A differential with a driving large skewer that is coupled together or C-connected through a chain or connected through an idle gear, and a first one provided in the distance between the 11 human power shafts and the output shaft. Since the second planetary-skewer transmission is installed in the dark, the bending stress applied to the long axis of the second shaft can be reduced, and the life of the bearings in each vibrating section can be improved.

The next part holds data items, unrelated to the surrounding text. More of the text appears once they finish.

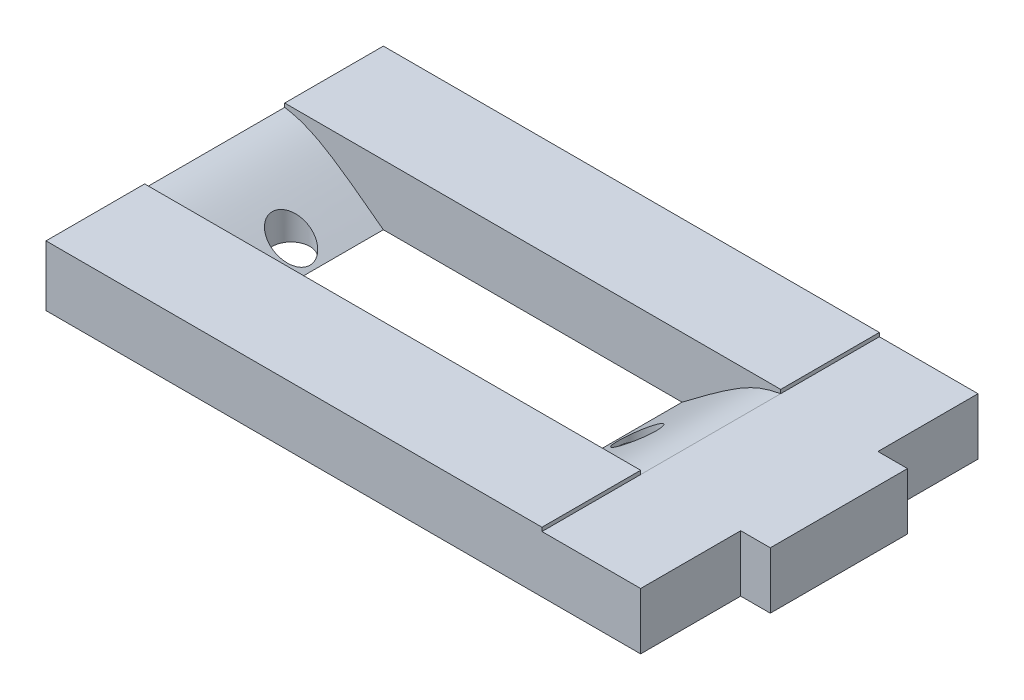
ISO-10303-21;
HEADER;
FILE_DESCRIPTION(('STEP AP214'),'2;1');
FILE_NAME('part.step','',(''),(''),'','','');
FILE_SCHEMA(('AUTOMOTIVE_DESIGN { 1 0 10303 214 1 1 1 1 }'));
ENDSEC;
DATA;
#1=APPLICATION_CONTEXT('core data for automotive mechanical design processes');
#2=APPLICATION_PROTOCOL_DEFINITION('international standard','automotive_design',2000,#1);
#3=PRODUCT_CONTEXT('',#1,'mechanical');
#4=PRODUCT('Part','Part','',(#3));
#5=PRODUCT_RELATED_PRODUCT_CATEGORY('part','',(#4));
#6=PRODUCT_DEFINITION_FORMATION('','',#4);
#7=PRODUCT_DEFINITION_CONTEXT('part definition',#1,'design');
#8=PRODUCT_DEFINITION('design','',#6,#7);
#9=PRODUCT_DEFINITION_SHAPE('','',#8);
#10=(LENGTH_UNIT() NAMED_UNIT(*) SI_UNIT(.MILLI.,.METRE.));
#11=(NAMED_UNIT(*) PLANE_ANGLE_UNIT() SI_UNIT($,.RADIAN.));
#12=(NAMED_UNIT(*) SI_UNIT($,.STERADIAN.) SOLID_ANGLE_UNIT());
#13=UNCERTAINTY_MEASURE_WITH_UNIT(LENGTH_MEASURE(1.E-05),#10,'distance_accuracy_value','');
#14=(GEOMETRIC_REPRESENTATION_CONTEXT(3) GLOBAL_UNCERTAINTY_ASSIGNED_CONTEXT((#13)) GLOBAL_UNIT_ASSIGNED_CONTEXT((#10,
#11,#12)) REPRESENTATION_CONTEXT('',''));
#15=CARTESIAN_POINT('',(0.,0.,0.));
#16=DIRECTION('',(0.,0.,1.));
#17=DIRECTION('',(1.,0.,0.));
#18=AXIS2_PLACEMENT_3D('',#15,#16,#17);
#19=CARTESIAN_POINT('',(35.14,0.,0.));
#20=DIRECTION('',(1.,0.,0.));
#21=DIRECTION('',(0.,0.,-1.));
#22=AXIS2_PLACEMENT_3D('',#19,#20,#21);
#23=PLANE('',#22);
#24=DIRECTION('',(0.,1.,0.));
#25=VECTOR('',#24,1.);
#26=CARTESIAN_POINT('',(35.14,5.74573636502059,-6.955));
#27=LINE('',#26,#25);
#28=CARTESIAN_POINT('',(35.14,0.,-6.955));
#29=VERTEX_POINT('',#28);
#30=CARTESIAN_POINT('',(35.14,5.74573636502059,-6.955));
#31=VERTEX_POINT('',#30);
#32=EDGE_CURVE('E215',#29,#31,#27,.T.);
#33=ORIENTED_EDGE('',*,*,#32,.F.);
#34=DIRECTION('',(0.,0.,-1.));
#35=VECTOR('',#34,1.);
#36=CARTESIAN_POINT('',(35.14,0.,17.1));
#37=LINE('',#36,#35);
#38=CARTESIAN_POINT('',(35.14,0.,-17.1));
#39=VERTEX_POINT('',#38);
#40=EDGE_CURVE('E227',#29,#39,#37,.T.);
#41=ORIENTED_EDGE('',*,*,#40,.T.);
#42=DIRECTION('',(0.,1.,0.));
#43=VECTOR('',#42,1.);
#44=CARTESIAN_POINT('',(35.14,0.,-17.1));
#45=LINE('',#44,#43);
#46=CARTESIAN_POINT('',(35.14,5.74573636502059,-17.1));
#47=VERTEX_POINT('',#46);
#48=EDGE_CURVE('E230',#39,#47,#45,.T.);
#49=ORIENTED_EDGE('',*,*,#48,.T.);
#50=DIRECTION('',(0.,0.,1.));
#51=VECTOR('',#50,1.);
#52=CARTESIAN_POINT('',(35.14,5.74573636502059,17.1));
#53=LINE('',#52,#51);
#54=EDGE_CURVE('E98',#47,#31,#53,.T.);
#55=ORIENTED_EDGE('',*,*,#54,.T.);
#56=EDGE_LOOP('',(#33,#41,#49,#55));
#57=FACE_BOUND('',#56,.T.);
#58=ADVANCED_FACE('F68',(#57),#23,.T.);
#59=DIRECTION('',(0.,-1.,0.));
#60=VECTOR('',#59,1.);
#61=CARTESIAN_POINT('',(35.14,5.74573636502059,6.955));
#62=LINE('',#61,#60);
#63=CARTESIAN_POINT('',(35.14,5.74573636502059,6.955));
#64=VERTEX_POINT('',#63);
#65=CARTESIAN_POINT('',(35.14,0.,6.955));
#66=VERTEX_POINT('',#65);
#67=EDGE_CURVE('E90',#64,#66,#62,.T.);
#68=ORIENTED_EDGE('',*,*,#67,.F.);
#69=CARTESIAN_POINT('',(35.14,5.74573636502059,17.1));
#70=VERTEX_POINT('',#69);
#71=EDGE_CURVE('E232',#64,#70,#53,.T.);
#72=ORIENTED_EDGE('',*,*,#71,.T.);
#73=DIRECTION('',(0.,-1.,0.));
#74=VECTOR('',#73,1.);
#75=CARTESIAN_POINT('',(35.14,0.,17.1));
#76=LINE('',#75,#74);
#77=CARTESIAN_POINT('',(35.14,0.,17.1));
#78=VERTEX_POINT('',#77);
#79=EDGE_CURVE('E224',#70,#78,#76,.T.);
#80=ORIENTED_EDGE('',*,*,#79,.T.);
#81=EDGE_CURVE('E228',#78,#66,#37,.T.);
#82=ORIENTED_EDGE('',*,*,#81,.T.);
#83=EDGE_LOOP('',(#68,#72,#80,#82));
#84=FACE_BOUND('',#83,.T.);
#85=ADVANCED_FACE('F431',(#84),#23,.T.);
#86=CARTESIAN_POINT('',(25.14,12.25,-7.1));
#87=DIRECTION('',(-1.,0.,0.));
#88=DIRECTION('',(0.,0.,1.));
#89=AXIS2_PLACEMENT_3D('',#86,#87,#88);
#90=PLANE('',#89);
#91=DIRECTION('',(0.,0.,1.));
#92=VECTOR('',#91,1.);
#93=CARTESIAN_POINT('',(25.14,5.74573636502059,17.1));
#94=LINE('',#93,#92);
#95=CARTESIAN_POINT('',(25.14,5.74573636502059,-17.1));
#96=VERTEX_POINT('',#95);
#97=CARTESIAN_POINT('',(25.14,5.74573636502059,-7.1));
#98=VERTEX_POINT('',#97);
#99=EDGE_CURVE('E218',#96,#98,#94,.T.);
#100=ORIENTED_EDGE('',*,*,#99,.F.);
#101=DIRECTION('',(0.,-1.,0.));
#102=VECTOR('',#101,1.);
#103=CARTESIAN_POINT('',(25.14,12.25,-17.1));
#104=LINE('',#103,#102);
#105=CARTESIAN_POINT('',(25.14,6.125,-17.1));
#106=VERTEX_POINT('',#105);
#107=EDGE_CURVE('E275',#106,#96,#104,.T.);
#108=ORIENTED_EDGE('',*,*,#107,.F.);
#109=DIRECTION('',(0.,0.,1.));
#110=VECTOR('',#109,1.);
#111=CARTESIAN_POINT('',(25.14,6.125,-7.1));
#112=LINE('',#111,#110);
#113=CARTESIAN_POINT('',(25.14,6.125,-7.1));
#114=VERTEX_POINT('',#113);
#115=EDGE_CURVE('E423',#106,#114,#112,.T.);
#116=ORIENTED_EDGE('',*,*,#115,.T.);
#117=CARTESIAN_POINT('',(25.14,6.125,-7.1));
#118=DIRECTION('',(0.,-1.,0.));
#119=VECTOR('',#118,1.);
#120=LINE('',#117,#119);
#121=EDGE_CURVE('E568',#114,#98,#120,.T.);
#122=ORIENTED_EDGE('',*,*,#121,.T.);
#123=EDGE_LOOP('',(#100,#108,#116,#122));
#124=FACE_BOUND('',#123,.T.);
#125=ADVANCED_FACE('F357',(#124),#90,.F.);
#126=CARTESIAN_POINT('',(25.14,5.74573636502059,7.1));
#127=VERTEX_POINT('',#126);
#128=CARTESIAN_POINT('',(25.14,5.74573636502059,17.1));
#129=VERTEX_POINT('',#128);
#130=EDGE_CURVE('E216',#127,#129,#94,.T.);
#131=ORIENTED_EDGE('',*,*,#130,.F.);
#132=CARTESIAN_POINT('',(25.14,5.74573636502059,7.1));
#133=DIRECTION('',(0.,1.,0.));
#134=VECTOR('',#133,1.);
#135=LINE('',#132,#134);
#136=CARTESIAN_POINT('',(25.14,6.125,7.1));
#137=VERTEX_POINT('',#136);
#138=EDGE_CURVE('E619',#127,#137,#135,.T.);
#139=ORIENTED_EDGE('',*,*,#138,.T.);
#140=CARTESIAN_POINT('',(25.14,6.125,17.1));
#141=VERTEX_POINT('',#140);
#142=EDGE_CURVE('E262',#137,#141,#112,.T.);
#143=ORIENTED_EDGE('',*,*,#142,.T.);
#144=DIRECTION('',(0.,-1.,0.));
#145=VECTOR('',#144,1.);
#146=CARTESIAN_POINT('',(25.14,12.25,17.1));
#147=LINE('',#146,#145);
#148=EDGE_CURVE('E255',#141,#129,#147,.T.);
#149=ORIENTED_EDGE('',*,*,#148,.T.);
#150=EDGE_LOOP('',(#131,#139,#143,#149));
#151=FACE_BOUND('',#150,.T.);
#152=ADVANCED_FACE('F258',(#151),#90,.F.);
#153=CARTESIAN_POINT('',(24.2045446236148,6.125,25.25));
#154=DIRECTION('',(0.,-1.,0.));
#155=DIRECTION('',(0.,0.,-1.));
#156=AXIS2_PLACEMENT_3D('',#153,#154,#155);
#157=PLANE('',#156);
#158=ORIENTED_EDGE('',*,*,#142,.F.);
#159=DIRECTION('',(-1.,0.,0.));
#160=VECTOR('',#159,1.);
#161=CARTESIAN_POINT('',(-15.14,6.125,7.1));
#162=LINE('',#161,#160);
#163=CARTESIAN_POINT('',(-25.14,6.125,7.1));
#164=VERTEX_POINT('',#163);
#165=EDGE_CURVE('E278',#137,#164,#162,.T.);
#166=ORIENTED_EDGE('',*,*,#165,.T.);
#167=DIRECTION('',(0.,0.,-1.));
#168=VECTOR('',#167,1.);
#169=CARTESIAN_POINT('',(-25.14,6.125,25.25));
#170=LINE('',#169,#168);
#171=CARTESIAN_POINT('',(-25.14,6.125,17.1));
#172=VERTEX_POINT('',#171);
#173=EDGE_CURVE('E279',#172,#164,#170,.T.);
#174=ORIENTED_EDGE('',*,*,#173,.F.);
#175=DIRECTION('',(-1.,0.,0.));
#176=VECTOR('',#175,1.);
#177=CARTESIAN_POINT('',(-15.14,6.125,17.1));
#178=LINE('',#177,#176);
#179=EDGE_CURVE('E291',#141,#172,#178,.T.);
#180=ORIENTED_EDGE('',*,*,#179,.F.);
#181=EDGE_LOOP('',(#158,#166,#174,#180));
#182=FACE_BOUND('',#181,.T.);
#183=ADVANCED_FACE('F312',(#182),#157,.F.);
#184=CARTESIAN_POINT('',(0.,0.,0.));
#185=DIRECTION('',(0.,1.,0.));
#186=DIRECTION('',(0.,0.,1.));
#187=AXIS2_PLACEMENT_3D('',#184,#185,#186);
#188=PLANE('',#187);
#189=DIRECTION('',(-1.,0.,0.));
#190=VECTOR('',#189,1.);
#191=CARTESIAN_POINT('',(-15.14,0.,-7.1));
#192=LINE('',#191,#190);
#193=CARTESIAN_POINT('',(15.14,0.,-7.1));
#194=VERTEX_POINT('',#193);
#195=CARTESIAN_POINT('',(-15.14,0.,-7.1));
#196=VERTEX_POINT('',#195);
#197=EDGE_CURVE('E493',#194,#196,#192,.T.);
#198=ORIENTED_EDGE('',*,*,#197,.T.);
#199=CARTESIAN_POINT('',(-15.14,0.,7.80999999999999));
#200=CARTESIAN_POINT('',(-15.14,0.,2.60333333333332));
#201=CARTESIAN_POINT('',(-15.14,0.,-2.60333333333333));
#202=CARTESIAN_POINT('',(-15.14,0.,-7.81));
#203=(BOUNDED_CURVE() B_SPLINE_CURVE(3,(#199,#200,#201,#202),.UNSPECIFIED.,.F.,
.F.) B_SPLINE_CURVE_WITH_KNOTS((4,4),(-0.03306,-0.01744),
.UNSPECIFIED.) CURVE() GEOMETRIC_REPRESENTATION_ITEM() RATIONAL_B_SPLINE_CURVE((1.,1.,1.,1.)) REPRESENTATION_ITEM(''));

[Brief explanation of the drawing]

FIG. 1 is a sectional view of a conventional automatic transmission for a vehicle, and FIG. 2 is a sectional view of the second shaft portion of the automatic transmission for a vehicle according to the present invention.
FIG. 3 shows a second embodiment of the automatic transmission for a vehicle according to the present invention.
FIG. 4 is a sectional view of the second shaft portion of still another embodiment of the automatic transmission for a vehicle according to the present invention. In the diagram: 400...Second axis 1...Output shaft of the second axis
731... Support shaft 14... Shaft hole

Claims (1)

[Claims] 1> An automatic system consisting of an input shaft connected to the Ichinoseki output shaft via a coupling such as a fluid coupling or a friction clutch, and an output shaft connected in series so as to have the same axis as the input shaft and to which an output gear is attached. a first shaft rotatably supported by the transmission case; a long shaft parallel to the first shaft and rotatably supported by the automatic transmission case; one of the long and short shafts is an input shaft that meshes directly with the output gear of the first shaft, or is connected by a chain or connected via an idle gear. A second shaft is provided with an output shaft and an output gear, and the second shaft is an output shaft that is connected directly to the output gear of the second shaft or is connected to the output gear through a chain, or is an idle gear. A differential with a large driving gear connected via a
A vehicular automatic transmission comprising a planetary gear transmission and a second planetary gear transmission provided on a second shaft, wherein the long axis of the second shaft protrudes from the automatic transmission case at least m-. 1. An automatic transmission for a vehicle, characterized in that it has a shaft hole rotatably supported by a support shaft, and the support shaft receives a reaction force that a gear attached to one end receives during transmission.